Leaf physiological impedance and elasticity modulus in Orychophragmus violaceus seedlings subjected to repeated osmotic stress

Abstract Leaf water status is always influenced by plant growth and environment and dynamically changes over time. Rapid measurement of leaf physical characteristics helps to timely determine the plant water needs, in order to prevent inhibition of photosynthesis in plants and improve irrigation water-use efficiency (WUE) under water deficit conditions.

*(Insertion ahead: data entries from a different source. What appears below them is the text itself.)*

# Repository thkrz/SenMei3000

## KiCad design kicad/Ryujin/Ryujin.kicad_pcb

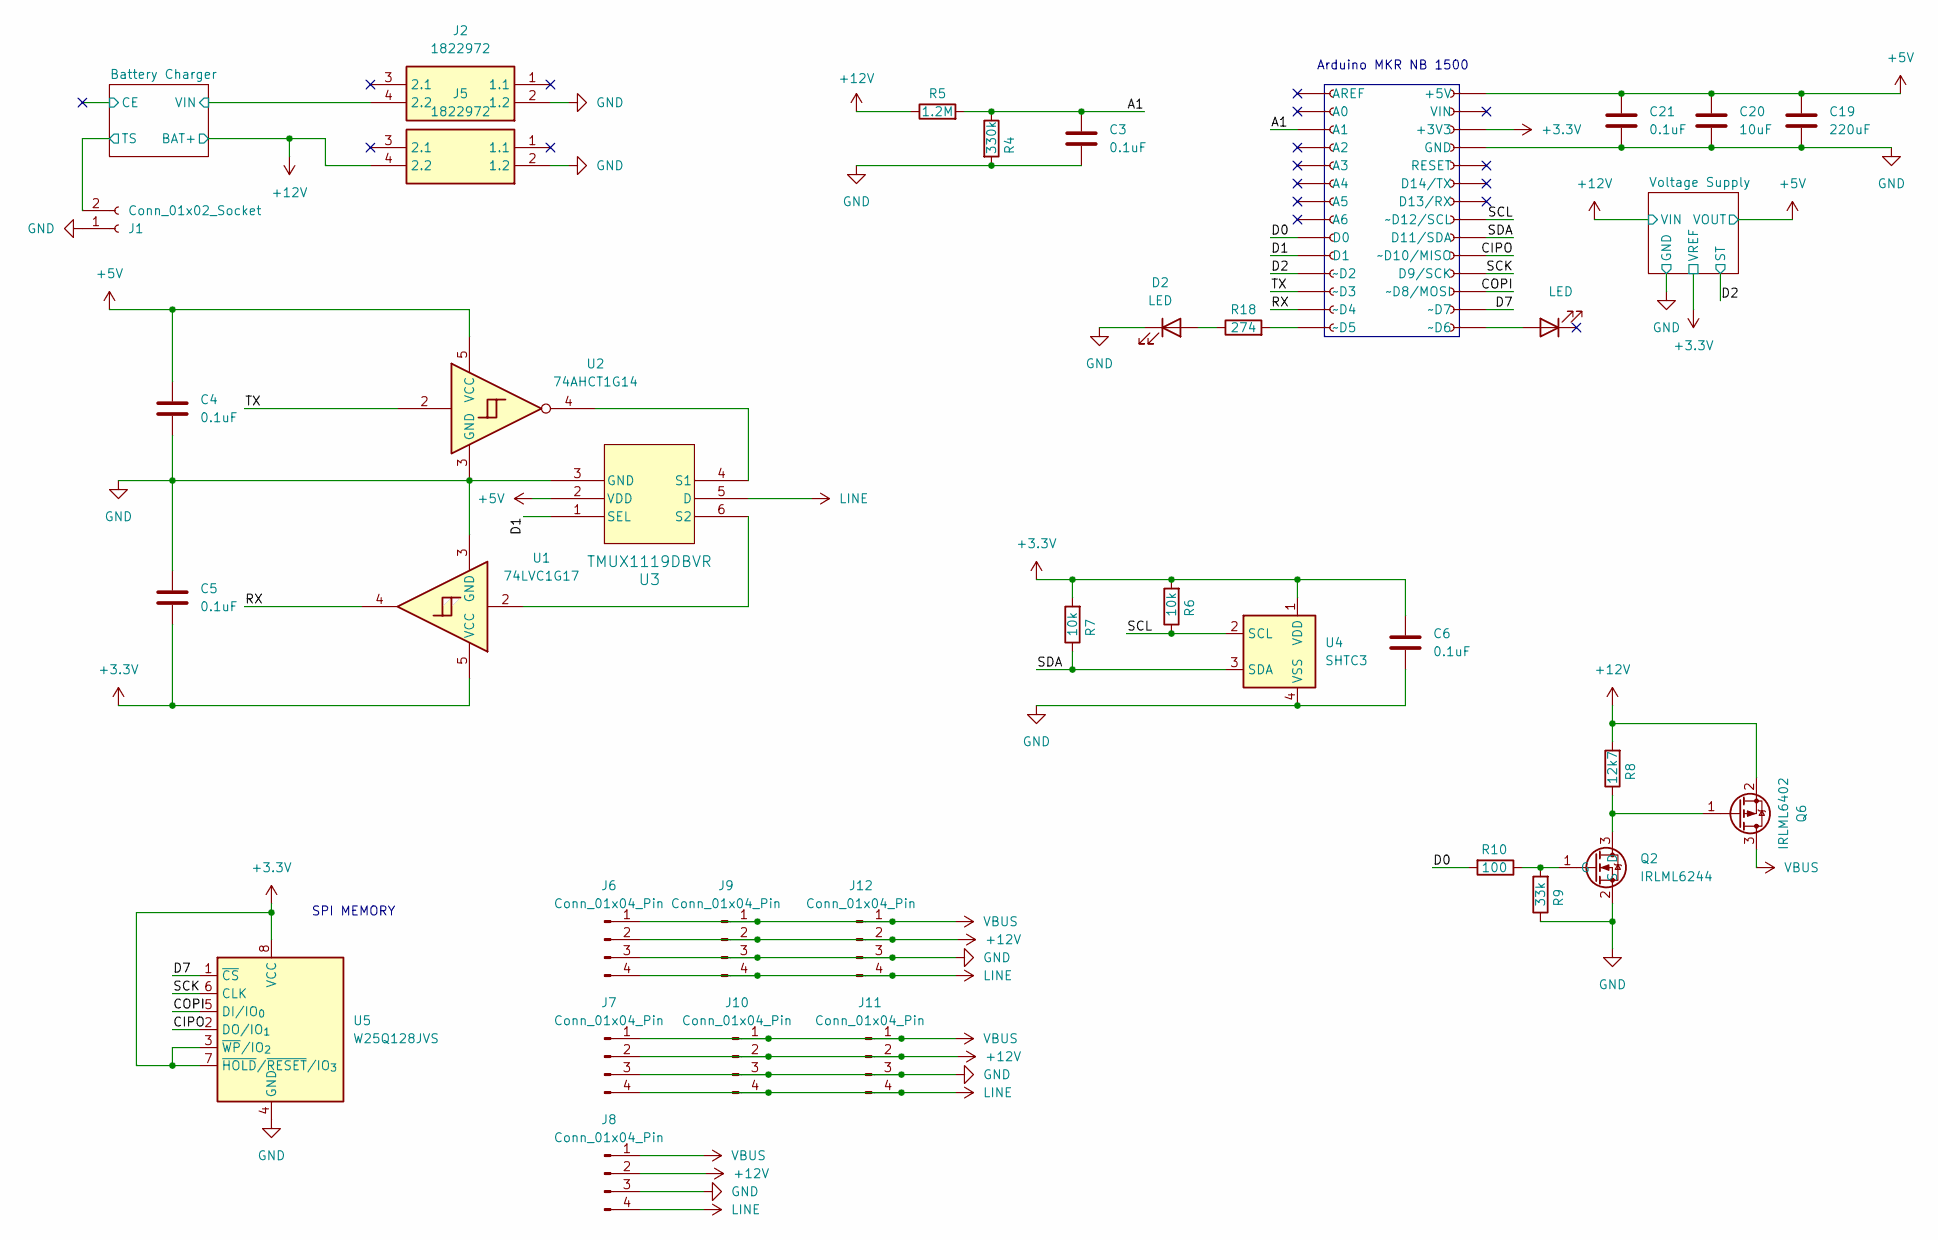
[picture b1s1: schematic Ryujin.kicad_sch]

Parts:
C3, C4, C5, C6, C21: 0.1uF; C_0603_1608Metric; MPN 0.1uF 6.3V 0603
C19: 220uF; EEFCX0J101R; MPN EEFCX0J221R
C20: 10uF; C_0805_2012Metric; MPN 10uF 10V 0805
D2: LED; LED_0603_1608Metric; MPN LTST-C194KFKT
D7: LED; LED_0603_1608Metric
J1: Conn_01x02_Socket; JST_PH_S2B-PH-K_1x02_P2.00mm_Horizontal; MPN S2B-PH-K-S
J2, J5: 1822972; Manufacturer_Part_Number 1822972; Mouser Part Number 651-1822972
J3, J4: Conn_01x14_Socket; 65342372; MPN 6-534237-2
J6, J7, J8, J9, J10, J11, J12: Conn_01x04_Pin; Molex_KK-254_AE-6410-04A_1x04_P2.54mm_Vertical; MPN 22272041
Q2: IRLML6244; SOT-23; MPN IRLML6244TRPBF
Q6: IRLML6402; SOT-23; MPN IRLML6402TRPBF
R4: 330k; R_0603_1608Metric; MPN 330k 0603
R5: 1.2M; R_0603_1608Metric; MPN 1.2M 0603
R6, R7: 10k; R_0603_1608Metric; MPN 10k 0603
R8: 12k7; R_0603_1608Metric; MPN 12.7k 0603
R9: 33k; R_0603_1608Metric; MPN 33k 0603
R10: 100; R_0603_1608Metric; MPN 100 0603
R18: 274; R_0603_1608Metric; MPN 274 0603
U1: 74LVC1G17; SOT-23-5; MPN SN74LVC1G17DBVT
U2: 74AHCT1G14; SOT-23-5; MPN SN74AHCT1G14DBVR
U3: TMUX1119DBVR; TMUXDBVR
U4: SHTC3; Sensirion_DFN-4-1EP_2x2mm_P1mm_EP0.7x1.6mm; MPN SHTC3
U5: W25Q128JVS; SOIC-8_5.3x5.3mm_P1.27mm; MPN W25Q128JVSIQ TR

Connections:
+3.3V: C5.2, C6.1, J4.3 (+3V3), R6.2, R7.2, U1.5 (VCC), U4.1 (VDD), U5.3 (~WP/IO_{2}), U5.7 (~HOLD/~RESET/IO_{3}), U5.8 (VCC); also elsewhere on the board
+5V: C4.1, C19.1, C20.1, C21.1, J4.1 (+5V), U2.5 (VCC), U3.2 (VDD); also elsewhere on the board
+12V: J5.4 (2.2), J6.2, J7.2, J8.2, J9.2, J10.2, J11.2, J12.2, Q6.2 (S), R5.1, R8.2; also elsewhere on the board
/A1: C3.1, J3.3 (A1), R4.1, R5.2
/Battery Charger/TS: J1.2; also elsewhere on the board
/Battery Charger/VIN: J2.4 (2.2); also elsewhere on the board
/CIPO: J4.10 (~D10/MISO), U5.2 (DO/IO_{1})
/COPI: J4.12 (~D8/MOSI), U5.5 (DI/IO_{0})
/D0: J3.9 (D0), R10.2
/D1: J3.10 (D1), U3.1 (SEL)
/D2: J3.11 (~D2); also elsewhere on the board
/D7: J4.13 (~D7), U5.1 (~CS)
/RX: J3.13 (~D4), U1.4
/SCK: J4.11 (D9/SCK), U5.6 (CLK)
/SCL: J4.8 (~D12/SCL), R6.1, U4.2 (SCL)
/SDA: J4.9 (D11/SDA), R7.1, U4.3 (SDA)
/TX: J3.12 (~D3), U2.2
GND: C3.2, C4.2, C5.1, C6.2, C19.2, C20.2, C21.2, D2.1 (K), J1.1, J2.2 (1.2), J4.4 (GND), J5.2 (1.2), J6.3, J7.3, J8.3, J9.3, J10.3, J11.3, J12.3, Q2.2 (S), R4.2, R9.1, U1.3 (GND), U2.3 (GND), U3.3 (GND), U4.4 (VSS), U5.4 (GND); also elsewhere on the board
LINE: J6.4, J7.4, J8.4, J9.4, J10.4, J11.4, J12.4, U3.5 (D)
unnamed: D2.2 (A), R18.1
unnamed: J3.14 (~D5), R18.2
unnamed: D7.2 (A), J4.14 (~D6)
unnamed: Q2.3 (D), Q6.1 (G), R8.1
unnamed: Q2.1 (G), R9.2, R10.1
unnamed: U2.4, U3.4 (S1)
unnamed: U1.2, U3.6 (S2)
VBUS: J6.1, J7.1, J8.1, J9.1, J10.1, J11.1, J12.1, Q6.3 (D)

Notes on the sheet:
SPI MEMORY
Arduino MKR NB 1500

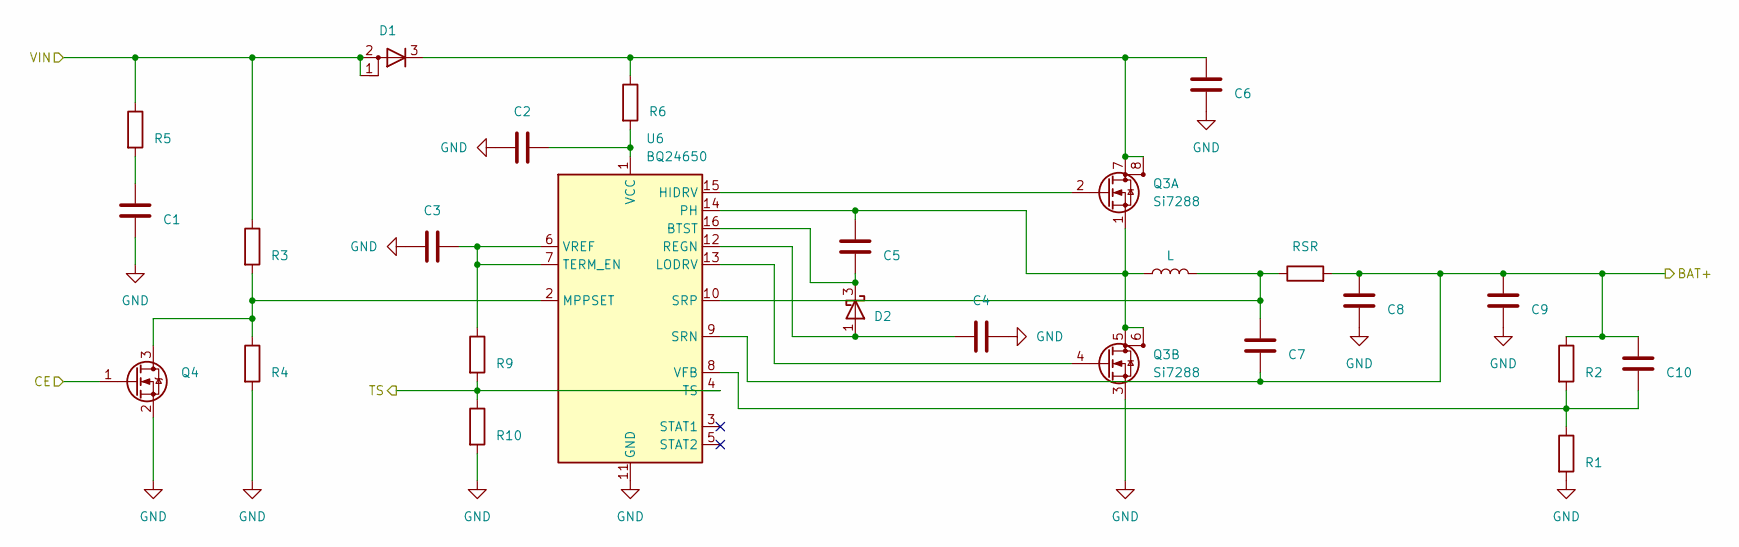
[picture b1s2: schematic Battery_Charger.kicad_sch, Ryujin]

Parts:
C7: C1; C_1210_3225Metric; MPN 2.2uF 50V 1210
C8: C2; C_0805_2012Metric; MPN 1uF 35V 0805
C9: C6; C_1210_3225Metric; MPN 10uF 35V 1210
C10: C4; C_0805_2012Metric; MPN 1uF 35V 0805
C11: C5; C_0805_2012Metric; MPN C0805C104K6RACTU
C12: C8; C_1210_3225Metric; MPN 10uF 35V 1210
C13: C7; C_0805_2012Metric; MPN C0805C104K6RACTU
C14: C10; C_0603_1608Metric; MPN 22pF 50V 0603
C15: C3; C_0805_2012Metric; MPN 1uF 35V 0805
C16: C9; C_Elec_4x5.4; MPN EEEFK1V4R7AR
D5: D1; PDS104013; MPN PDS1040-13
D6: D2; SOT-23; MPN BAT54
L1: L; L_Vishay_IHLP-2525; MPN IHLP2525CZER100MA1
Q3: Si7288; SI7288DPT1GE3; MPN SI7288DP-T1-GE3
Q4: 2N7002; SOT-23
R1: R5; R_2512_6332Metric; MPN 2 5% 1W
R2: R3; R_0402_1005Metric; MPN 499k 0402
R3: R4; R_0402_1005Metric; MPN 36k 0402
R13: R6; R_1206_3216Metric; MPN 10 1206 0.25W
R14: R9; R_0402_1005Metric; MPN 5.23k 0402
R15: R1; R_0402_1005Metric; MPN 97.6k 0402
R16: R2; R_0402_1005Metric; MPN 536k 0402
R17: R10; R_0402_1005Metric; MPN 30.1k 0402
RSR1: RSR; R_1206_3216Metric; MPN WSL1206R0200DEA
U6: BQ24650; Texas_RVA_VQFN-16-1EP_3.5x3.5mm_P0.5mm_EP2.14x2.14mm_Therma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; MPN BQ24650RVAR

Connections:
+12V: C12.1, C13.1, C14.1, C16.1, R16.1, RSR1.2, U6.9 (SRN); also elsewhere on the board
/Battery Charger/TS: R14.2, R17.1, U6.4 (TS); also elsewhere on the board
/Battery Charger/VIN: D5.1 (A), D5.2 (A), R1.1, R2.1; also elsewhere on the board
GND: C7.2, C8.1, C9.2, C10.2, C12.2, C15.1, C16.2, Q3.3 (S), Q4.2 (S), R3.2, R15.2, R17.2, U6.11 (GND), U6.17 (GND); also elsewhere on the board
unnamed: C7.1, R1.2
unnamed: C9.1, D5.3 (K), Q3.7 (D), Q3.8 (D), Q3.9 (D), Q3.11 (D), R13.1
unnamed: C10.1, D6.1 (A), U6.12 (REGN)
unnamed: C11.1, D6.3 (K), U6.16 (BTST)
unnamed: Q3.2 (G), U6.15 (HIDRV)
unnamed: C11.2, L1.1, Q3.1 (S), Q3.5 (D), Q3.6 (D), Q3.10 (D), Q3.12 (D), U6.14 (PH)
unnamed: Q3.4 (G), U6.13 (LODRV)
unnamed: Q4.3 (D), R2.2, R3.1, U6.2 (MPPSET)
unnamed: C13.2, L1.2, RSR1.1, U6.10 (SRP)
unnamed: C15.2, R14.1, U6.6 (VREF), U6.7 (TERM_EN)
unnamed: C8.2, R13.2, U6.1 (VCC)
unnamed: C14.2, R15.1, R16.2, U6.8 (VFB)

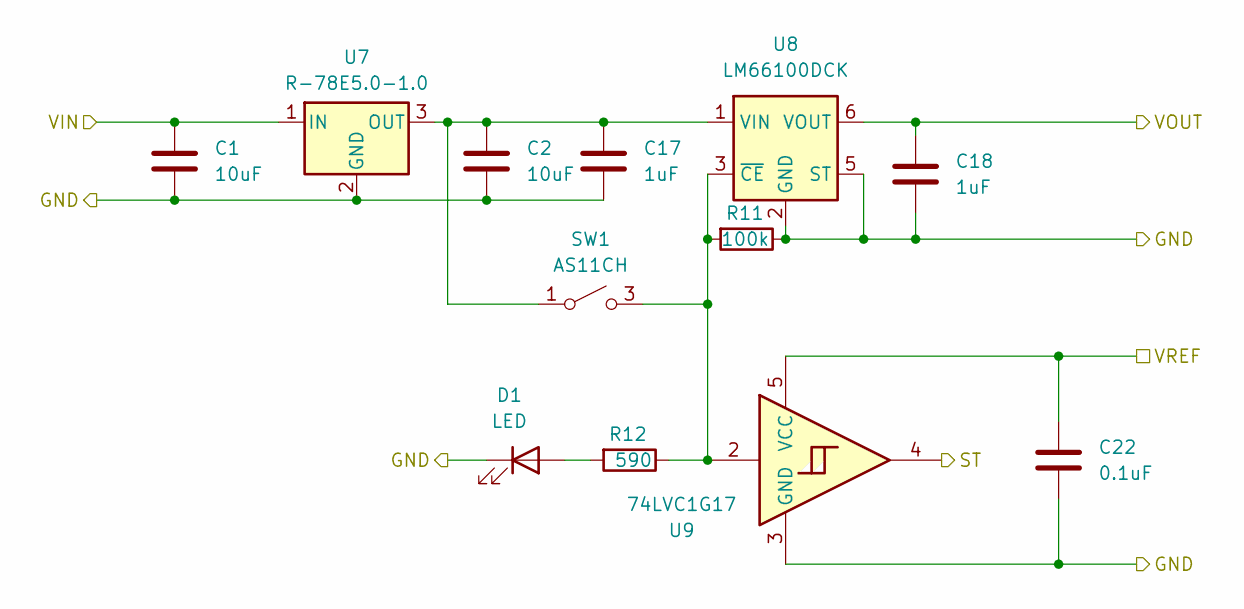
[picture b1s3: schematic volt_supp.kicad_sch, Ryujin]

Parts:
C1: 10uF; C_1206_3216Metric; MPN 10uF 16V 1206
C2: 10uF; C_0805_2012Metric; MPN 10uF 6.3V 0805
C17, C18: 1uF; C_0603_1608Metric; MPN 1uF 6.3V 0603
C22: 0.1uF; C_0603_1608Metric; MPN 0.1uF 6.3V 0603
D1: LED; LED_0603_1608Metric; MPN LTST-C193KRKT-5A
R11: 100k; R_0603_1608Metric; MPN 100k 0603
R12: 590; R_0603_1608Metric; MPN 590 0603
SW1: AS11CH
U7: R-78E5.0-1.0; Converter_DCDC_RECOM_R-78E-0.5_THT
U8: LM66100DCK; SOT-363_SC-70-6; MPN LM66100DCKT
U9: 74LVC1G17; SOT-23-5; MPN SN74LVC1G17DBVT

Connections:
+3.3V: C22.2, U9.5 (VCC); also elsewhere on the board
+5V: C18.1, U8.6 (VOUT); also elsewhere on the board
+12V: C1.1, U7.1 (IN); also elsewhere on the board
/D2: U9.4; also elsewhere on the board
GND: C1.2, C2.2, C17.2, C18.2, C22.1, D1.1 (K), R11.1, U7.2 (GND), U8.2 (GND), U8.5 (ST), U9.3 (GND); also elsewhere on the board
unnamed: D1.2 (A), R12.2
unnamed: C2.1, C17.1, SW1.1 (A), U7.3 (OUT), U8.1 (VIN)
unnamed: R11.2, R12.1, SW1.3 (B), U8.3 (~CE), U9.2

The present study determined leaf electrophysiological and mechanical properties, water content (LWC), water potential (ΨL), carbonic anhydrase (CA) activity, net photosynthesis, and re-watering WUE (WUER) in relation to osmotic stress and following drought hardening in Orychophragmus violaceus seedlings. The study established a coupling model between gripping force and physiological impedance according to the Nernst equation, and the leaf water dissipation rate (LWDR) was defined and determined. Changes of cell stiffness and LWDR altered the intracellular water status, which affected the photosynthetic capacity and WUER. Photosynthesis was inhibited by the 40 g L−1 PEG (polyethylene glycol) treatment due to the reduction of intracellular water, and leaf cells were severely damaged at the higher, 80 g L‒1 PEG. Plants transferred from 20 to 10 g L‒1 PEG had the highest WUER. We have found that the physiological impedance provides more reliable information of plant water status compared with ΨL, which can help improve the irrigation WUE.